» PROVIDED MATERIAL
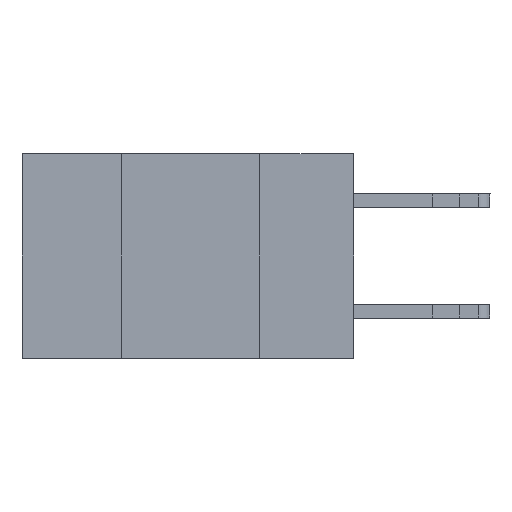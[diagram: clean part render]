
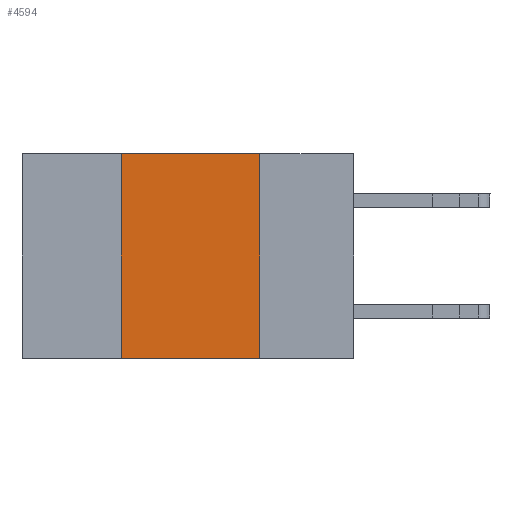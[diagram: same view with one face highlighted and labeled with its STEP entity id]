
A CAD part, left-side view. The second image highlights one B-rep face of the part: STEP entity #4594.
In plain terms, the highlighted planar face has unit normal (-1, 0, 0).
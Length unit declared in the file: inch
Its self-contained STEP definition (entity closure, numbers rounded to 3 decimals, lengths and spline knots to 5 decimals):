
#781 = VECTOR ( 'NONE', #25944, 39.37008 ) ;
#1597 = CARTESIAN_POINT ( 'NONE',  ( 0., 0.42, 0. ) ) ;
#3496 = CARTESIAN_POINT ( 'NONE',  ( 0., 0.6, 0. ) ) ;
#4012 = VERTEX_POINT ( 'NONE', #8414 ) ;
#4594 = ADVANCED_FACE ( 'NONE', ( #16168 ), #27919, .F. ) ;
#5687 = VERTEX_POINT ( 'NONE', #23325 ) ;
#5778 = EDGE_CURVE ( 'NONE', #32502, #5687, #23784, .T. ) ;
#8341 = VECTOR ( 'NONE', #23687, 39.37008 ) ;
#8414 = CARTESIAN_POINT ( 'NONE',  ( 0., 0.17, -0.37 ) ) ;
#8733 = ORIENTED_EDGE ( 'NONE', *, *, #16511, .T. ) ;
#12404 = VECTOR ( 'NONE', #34720, 39.37008 ) ;
#12679 = LINE ( 'NONE', #18549, #781 ) ;
#12732 = AXIS2_PLACEMENT_3D ( 'NONE', #24712, #24833, #22033 ) ;
#16168 = FACE_OUTER_BOUND ( 'NONE', #23204, .T. ) ;
#16511 = EDGE_CURVE ( 'NONE', #26848, #4012, #12679, .T. ) ;
#16905 = EDGE_CURVE ( 'NONE', #26848, #32502, #34395, .T. ) ;
#18549 = CARTESIAN_POINT ( 'NONE',  ( 0., 0.6, -0.37 ) ) ;
#19639 = ORIENTED_EDGE ( 'NONE', *, *, #16905, .F. ) ;
#20228 = EDGE_CURVE ( 'NONE', #5687, #4012, #36414, .T. ) ;
#21552 = DIRECTION ( 'NONE',  ( 0., 0., 1. ) ) ;
#22033 = DIRECTION ( 'NONE',  ( 0., 0., -1. ) ) ;
#22484 = CARTESIAN_POINT ( 'NONE',  ( 0., 0.42, -0.37 ) ) ;
#23204 = EDGE_LOOP ( 'NONE', ( #29381, #33294, #19639, #8733 ) ) ;
#23325 = CARTESIAN_POINT ( 'NONE',  ( 0., 0.17, 0. ) ) ;
#23687 = DIRECTION ( 'NONE',  ( 0., -1., 0. ) ) ;
#23784 = LINE ( 'NONE', #3496, #8341 ) ;
#24712 = CARTESIAN_POINT ( 'NONE',  ( 0., 0.6, 0. ) ) ;
#24833 = DIRECTION ( 'NONE',  ( 1., 0., 0. ) ) ;
#25944 = DIRECTION ( 'NONE',  ( 0., -1., 0. ) ) ;
#26848 = VERTEX_POINT ( 'NONE', #22484 ) ;
#27919 = PLANE ( 'NONE',  #12732 ) ;
#28798 = CARTESIAN_POINT ( 'NONE',  ( 0., 0.42, 0. ) ) ;
#29381 = ORIENTED_EDGE ( 'NONE', *, *, #20228, .F. ) ;
#32502 = VERTEX_POINT ( 'NONE', #28798 ) ;
#33294 = ORIENTED_EDGE ( 'NONE', *, *, #5778, .F. ) ;
#34395 = LINE ( 'NONE', #1597, #35735 ) ;
#34720 = DIRECTION ( 'NONE',  ( 0., 0., -1. ) ) ;
#35735 = VECTOR ( 'NONE', #21552, 39.37008 ) ;
#36414 = LINE ( 'NONE', #37246, #12404 ) ;
#37246 = CARTESIAN_POINT ( 'NONE',  ( 0., 0.17, 0. ) ) ;

» WHAT TO WORK ON
In the entries above, find the line containing "[diagram: same view" and the line containing "#1597 = CARTESIAN_POINT", then copy both and every line between them exactly, without any picture.

» RESPONSE TO THIS EXERCISE
[diagram: same view with one face highlighted and labeled with its STEP entity id]
A CAD part, left-side view. The second image highlights one B-rep face of the part: STEP entity #4594.
In plain terms, the highlighted planar face has unit normal (-1, 0, 0).
Length unit declared in the file: inch
Its self-contained STEP definition (entity closure, numbers rounded to 3 decimals, lengths and spline knots to 5 decimals):
#781 = VECTOR ( 'NONE', #25944, 39.37008 ) ;
#1597 = CARTESIAN_POINT ( 'NONE',  ( 0., 0.42, 0. ) ) ;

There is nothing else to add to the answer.